#### GIVEN DATA ####

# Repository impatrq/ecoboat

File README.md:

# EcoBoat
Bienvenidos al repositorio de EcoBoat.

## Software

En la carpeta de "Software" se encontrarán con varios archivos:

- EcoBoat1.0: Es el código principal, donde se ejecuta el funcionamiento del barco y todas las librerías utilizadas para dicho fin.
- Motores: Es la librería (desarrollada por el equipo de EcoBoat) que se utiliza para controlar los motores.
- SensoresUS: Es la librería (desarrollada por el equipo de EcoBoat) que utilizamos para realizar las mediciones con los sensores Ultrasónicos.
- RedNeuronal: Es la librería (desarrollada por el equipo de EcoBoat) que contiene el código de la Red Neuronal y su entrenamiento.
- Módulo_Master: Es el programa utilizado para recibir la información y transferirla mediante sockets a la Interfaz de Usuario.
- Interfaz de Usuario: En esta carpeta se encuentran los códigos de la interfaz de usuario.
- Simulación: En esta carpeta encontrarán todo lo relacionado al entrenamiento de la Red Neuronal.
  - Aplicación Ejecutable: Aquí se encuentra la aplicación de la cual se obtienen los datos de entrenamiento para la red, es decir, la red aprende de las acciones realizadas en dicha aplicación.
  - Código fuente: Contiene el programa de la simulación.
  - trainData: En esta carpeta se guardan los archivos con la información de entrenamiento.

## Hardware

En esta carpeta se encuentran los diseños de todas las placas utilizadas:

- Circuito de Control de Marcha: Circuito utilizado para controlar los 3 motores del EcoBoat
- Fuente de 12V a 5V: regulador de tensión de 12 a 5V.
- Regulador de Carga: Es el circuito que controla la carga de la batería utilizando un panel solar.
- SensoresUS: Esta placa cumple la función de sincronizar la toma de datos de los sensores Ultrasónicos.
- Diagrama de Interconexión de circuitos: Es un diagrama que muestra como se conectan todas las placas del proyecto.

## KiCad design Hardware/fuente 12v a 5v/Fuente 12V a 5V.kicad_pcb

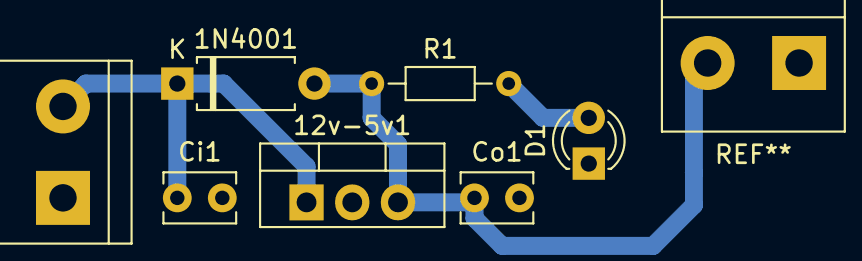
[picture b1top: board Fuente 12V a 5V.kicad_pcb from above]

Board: 2 copper layers, 7 parts (0 on the bottom side), 4 nets.

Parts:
1N4001: D; D_A-405_P7.62mm_Horizontal
12v-5v1: LM7805_TO220; TO-220-3_Vertical
Ci1: 330n; C_Disc_D3.8mm_W2.6mm_P2.50mm
Co1: 100n; C_Disc_D3.8mm_W2.6mm_P2.50mm
D1: LED; LED_D3.0mm
R1: 1K; R_Axial_DIN0204_L3.6mm_D1.6mm_P7.62mm_Horizontal
input-12v1: 12v; TerminalBlock_bornier-2_P5.08mm

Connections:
GND: 12v-5v1.2, Ci1.2, Co1.2, D1.1, input-12v1.1
unnamed: 1N4001.1, 12v-5v1.1, Ci1.1, input-12v1.2
unnamed: 1N4001.2, 12v-5v1.3, Co1.1, R1.1
unnamed: D1.2, R1.2

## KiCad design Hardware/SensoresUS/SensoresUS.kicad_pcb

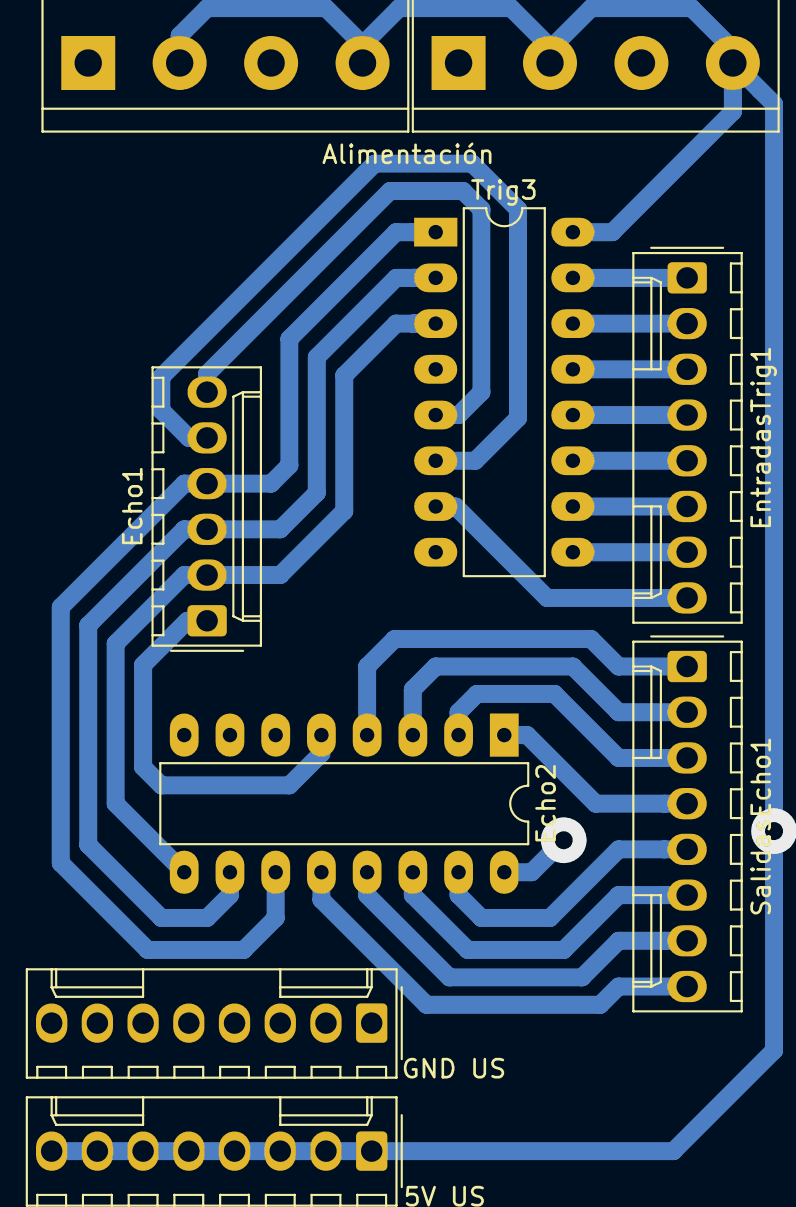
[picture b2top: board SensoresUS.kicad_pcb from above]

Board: 2 copper layers, 8 parts (0 on the bottom side), 24 nets.

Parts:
5V US: Conn_01x08_Female; Molex_KK-254_AE-6410-08A_1x08_P2.54mm_Vertical
Alimentación: DOU; TerminalBlock_bornier-4_P5.08mm
Echo1: Conn_01x01_Female; Molex_KK-254_AE-6410-06A_1x06_P2.54mm_Vertical
Echo2: 74LS151; DIP-16_W7.62mm_LongPads
EntradasTrig1: Conn_01x08_Female; Molex_KK-254_AE-6410-08A_1x08_P2.54mm_Vertical
GND US: Conn_01x08_Female; Molex_KK-254_AE-6410-08A_1x08_P2.54mm_Vertical
SalidasEcho1: Conn_01x08_Female; Molex_KK-254_AE-6410-08A_1x08_P2.54mm_Vertical
Trig3: 74HC237; DIP-16_W7.62mm_LongPads

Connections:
5V: 5V US.1, 5V US.2, 5V US.3, 5V US.4, 5V US.5, 5V US.6, 5V US.7, 5V US.8, Alimentación.2, Alimentación.4, Echo2.16, Trig3.16
GND: Alimentación.1, Alimentación.3, Echo2.7, Echo2.8, GND US.1, GND US.2, GND US.3, GND US.4, GND US.5, GND US.6, GND US.7, GND US.8, Trig3.4, Trig3.8
unnamed: Echo1.1, Echo2.5
unnamed: Echo2.1, SalidasEcho1.4
unnamed: Echo2.2, SalidasEcho1.3
unnamed: Echo2.3, SalidasEcho1.2
unnamed: Echo2.4, SalidasEcho1.1
unnamed: Echo2.12, SalidasEcho1.8
unnamed: Echo2.13, SalidasEcho1.7
unnamed: Echo2.14, SalidasEcho1.6
unnamed: Echo2.15, SalidasEcho1.5
unnamed: EntradasTrig1.1, Trig3.15
unnamed: EntradasTrig1.2, Trig3.14
unnamed: EntradasTrig1.3, Trig3.13
unnamed: EntradasTrig1.4, Trig3.12
unnamed: EntradasTrig1.5, Trig3.11
unnamed: EntradasTrig1.6, Trig3.10
unnamed: EntradasTrig1.7, Trig3.9
unnamed: EntradasTrig1.8, Trig3.7
unnamed: Echo1.5, Trig3.6
unnamed: Echo1.6, Trig3.5
Select1: Echo1.4, Echo2.11, Trig3.1
Select2: Echo1.3, Echo2.10, Trig3.2
Select3: Echo1.2, Echo2.9, Trig3.3

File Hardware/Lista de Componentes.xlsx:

Componente |  | Cantidad
Placa de Cobre 20x15 |  | 1
Cloruro Férrico |  | 1
Molex Macho 2 Pines |  | 2
Molex Hemra 2 Pines |  | 2
Molex Macho 3 Pines |  | 1
Molex Hembra 3 Pines |  | 1
Molex Macho 4 Pines |  | 2
Molex Hembra 4 Pines |  | 2
Molex Macho 6 Pines |  | 1
Molex Hembra 6 Pines |  | 1
Molex Macho 7 Pines |  | 1
Molex Hembra 7 Pines |  | 1
Molex Macho 8 Pines |  | 4
Molex Hembra 8 Pines |  | 4
Conectores para Molex |  | 80 | (Terminales utilizados para conectar un cable a un molex hembra)
Pines Hembra a Macho |  | 40
Termocontraible |  | 80cm
Bornera 2 Pines |  | 8
Bornera 5 Pines |  | 1
Bornera 4 Pines |  | 2
MOSFET IRF9530 |  | 5
MOSFET IRF640 |  | 5
Transistores BJT |  | 8
Resistencia 220 |  | 8
Resistencia 1K |  | 1
Resistencia 1,2K |  | 1
Resistencia 10K |  | 8
Resistencia 82K |  | 1
Resistencia 270K |  | 1
Preset 200K |  | 1
Preset 500K |  | 1
Diodo |  | 1
Diodo Zener 15V |  | 1
Diodo LED |  | 2
Fusible 10A |  | 1
Capacitor 330nF |  | 3
Capacitor 100nF |  | 3
LM7805 |  | 2
Operacional |  | 1
UNL2003 |  | 1
MCP3008 |  | 1
74HC237 |  | 1
74LS151 |  | 1
ACS712 ±20A |  | 2
Módulo RF NRF24 |  | 2
Batería ciclo profundo |  | 1
Panel Solar |  | 1

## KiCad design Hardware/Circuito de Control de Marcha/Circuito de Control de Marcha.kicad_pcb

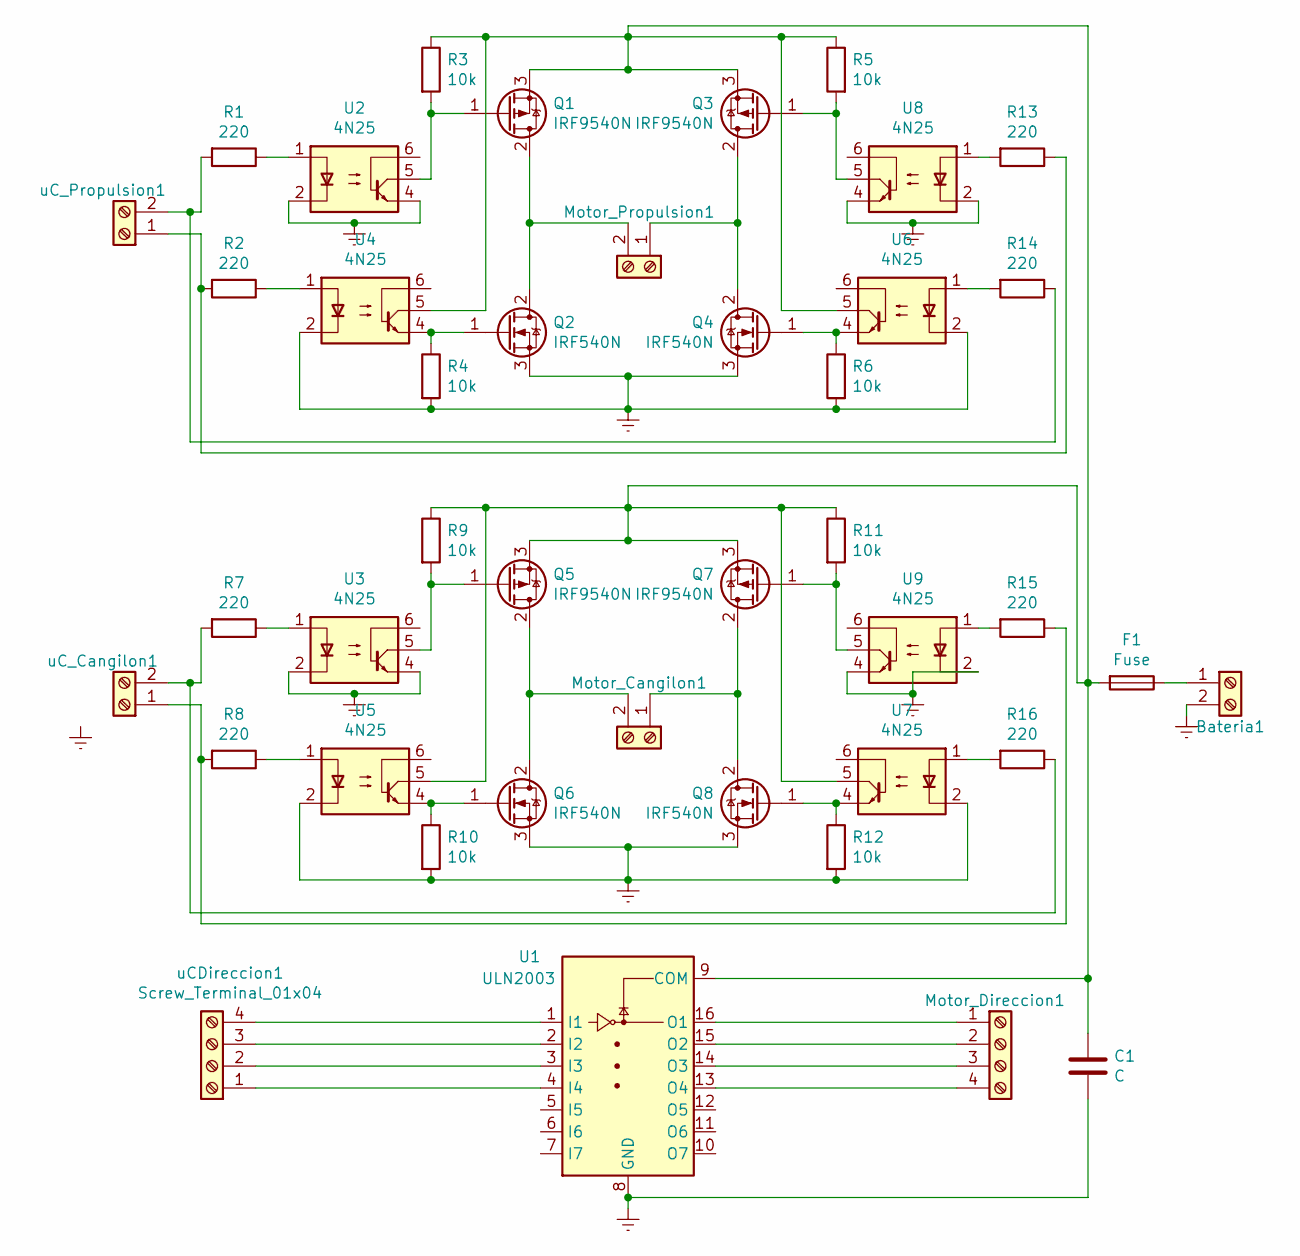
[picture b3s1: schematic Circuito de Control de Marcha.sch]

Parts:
Bateria1: Screw_Terminal_01x02; TerminalBlock_bornier-2_P5.08mm
C1: C; C_Disc_D4.3mm_W1.9mm_P5.00mm
F1: Fuse; Fuse_Blade_Mini_directSolder
Motor_Cangilon1: Screw_Terminal_01x02; TerminalBlock_bornier-2_P5.08mm
Motor_Direccion1: Screw_Terminal_01x04; Molex_KK-254_AE-6410-04A_1x04_P2.54mm_Vertical
Motor_Propulsion1: Screw_Terminal_01x02; TerminalBlock_bornier-2_P5.08mm
Q1, Q3, Q5, Q7: IRF9540N; TO-220-3_Vertical
Q2, Q4, Q6, Q8: IRF540N; TO-220-3_Vertical
R1, R2, R7, R8, R13, R14, R15, R16: 220; R_Axial_DIN0204_L3.6mm_D1.6mm_P7.62mm_Horizontal
R3, R4, R5, R6, R9, R10, R11, R12: 10k; R_Axial_DIN0204_L3.6mm_D1.6mm_P7.62mm_Horizontal
U1: ULN2003; DIP-14_W10.16mm
U2, U3, U4, U5, U6, U7, U8, U9: 4N25; DIP-6_W7.62mm
uCDireccion1: Screw_Terminal_01x04; Molex_KK-254_AE-6410-04A_1x04_P2.54mm_Vertical
uC_Cangilon1: Screw_Terminal_01x02; Molex_KK-254_AE-6410-02A_1x02_P2.54mm_Vertical
uC_Propulsion1: Screw_Terminal_01x02; Molex_KK-254_AE-6410-02A_1x02_P2.54mm_Vertical

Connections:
Earth: Bateria1.2, C1.2, Q2.3 (S), Q4.3 (S), Q6.3 (S), Q8.3 (S), R4.2, R6.2, R10.2, R12.2, U1.8 (GND), U2.2, U2.4, U3.2, U3.4, U4.2, U5.2, U6.2, U7.2, U8.2, U8.4, U9.2, U9.4; also elsewhere on the board
unnamed: Bateria1.1, F1.1
unnamed 2: C1.1, F1.2, Q1.3 (S), Q3.3 (S), Q5.3 (S), Q7.3 (S), R3.1, R5.1, R9.1, R11.1, U1.9 (COM), U4.5, U5.5, U6.5, U7.5; also elsewhere on the board
unnamed: Motor_Cangilon1.1, Q7.2 (D), Q8.2 (D)
unnamed: Motor_Cangilon1.2, Q5.2 (D), Q6.2 (D)
unnamed 5: Motor_Direccion1.1, U1.16 (O1); also elsewhere on the board
unnamed 6: Motor_Direccion1.2, U1.15 (O2); also elsewhere on the board
unnamed 7: Motor_Direccion1.3, U1.14 (O3); also elsewhere on the board
unnamed 8: Motor_Direccion1.4, U1.13 (O4); also elsewhere on the board
unnamed: Motor_Propulsion1.1, Q3.2 (D), Q4.2 (D)
unnamed: Motor_Propulsion1.2, Q1.2 (D), Q2.2 (D)
unnamed: Q1.1 (G), R3.2, U2.5
unnamed: Q2.1 (G), R4.1, U4.4
unnamed: Q3.1 (G), R5.2, U8.5
unnamed: Q4.1 (G), R6.1, U6.4
unnamed: Q5.1 (G), R9.2, U3.5
unnamed: Q6.1 (G), R10.1, U5.4
unnamed: Q7.1 (G), R11.2, U9.5
unnamed: Q8.1 (G), R12.1, U7.4
unnamed: R1.1, U2.1
unnamed: R1.2, R14.1, uC_Propulsion1.2
unnamed: R2.1, U4.1
unnamed: R7.1, U3.1
unnamed: R8.1, U5.1
unnamed: R2.2, R13.1, uC_Propulsion1.1
unnamed: R13.2, U8.1
unnamed: R14.2, U6.1
unnamed: R8.2, R15.1, uC_Cangilon1.1
unnamed: R15.2, U9.1
unnamed: R7.2, R16.1, uC_Cangilon1.2
unnamed: R16.2, U7.1
unnamed 31: U1.1 (I1), uCDireccion1.4; also elsewhere on the board
unnamed 32: U1.2 (I2), uCDireccion1.3; also elsewhere on the board
unnamed 33: U1.3 (I3), uCDireccion1.2; also elsewhere on the board
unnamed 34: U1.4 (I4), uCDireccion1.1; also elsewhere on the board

####

• PROBLEM STATEMENT
Your answer is the exact run of lines above from the one with "En la carpeta" through the one with "input-12v1: 12v; TerminalBlock_bornier-2_P5.08mm", both ends included, minus any picture.

• TASK OUTPUT
En la carpeta de "Software" se encontrarán con varios archivos:

- EcoBoat1.0: Es el código principal, donde se ejecuta el funcionamiento del barco y todas las librerías utilizadas para dicho fin.
- Motores: Es la librería (desarrollada por el equipo de EcoBoat) que se utiliza para controlar los motores.
- SensoresUS: Es la librería (desarrollada por el equipo de EcoBoat) que utilizamos para realizar las mediciones con los sensores Ultrasónicos.
- RedNeuronal: Es la librería (desarrollada por el equipo de EcoBoat) que contiene el código de la Red Neuronal y su entrenamiento.
- Módulo_Master: Es el programa utilizado para recibir la información y transferirla mediante sockets a la Interfaz de Usuario.
- Interfaz de Usuario: En esta carpeta se encuentran los códigos de la interfaz de usuario.
- Simulación: En esta carpeta encontrarán todo lo relacionado al entrenamiento de la Red Neuronal.
  - Aplicación Ejecutable: Aquí se encuentra la aplicación de la cual se obtienen los datos de entrenamiento para la red, es decir, la red aprende de las acciones realizadas en dicha aplicación.
  - Código fuente: Contiene el programa de la simulación.
  - trainData: En esta carpeta se guardan los archivos con la información de entrenamiento.

## Hardware

En esta carpeta se encuentran los diseños de todas las placas utilizadas:

- Circuito de Control de Marcha: Circuito utilizado para controlar los 3 motores del EcoBoat
- Fuente de 12V a 5V: regulador de tensión de 12 a 5V.
- Regulador de Carga: Es el circuito que controla la carga de la batería utilizando un panel solar.
- SensoresUS: Esta placa cumple la función de sincronizar la toma de datos de los sensores Ultrasónicos.
- Diagrama de Interconexión de circuitos: Es un diagrama que muestra como se conectan todas las placas del proyecto.

## KiCad design Hardware/fuente 12v a 5v/Fuente 12V a 5V.kicad_pcb

[picture b1top: board Fuente 12V a 5V.kicad_pcb from above]

Board: 2 copper layers, 7 parts (0 on the bottom side), 4 nets.

Parts:
1N4001: D; D_A-405_P7.62mm_Horizontal
12v-5v1: LM7805_TO220; TO-220-3_Vertical
Ci1: 330n; C_Disc_D3.8mm_W2.6mm_P2.50mm
Co1: 100n; C_Disc_D3.8mm_W2.6mm_P2.50mm
D1: LED; LED_D3.0mm
R1: 1K; R_Axial_DIN0204_L3.6mm_D1.6mm_P7.62mm_Horizontal
input-12v1: 12v; TerminalBlock_bornier-2_P5.08mm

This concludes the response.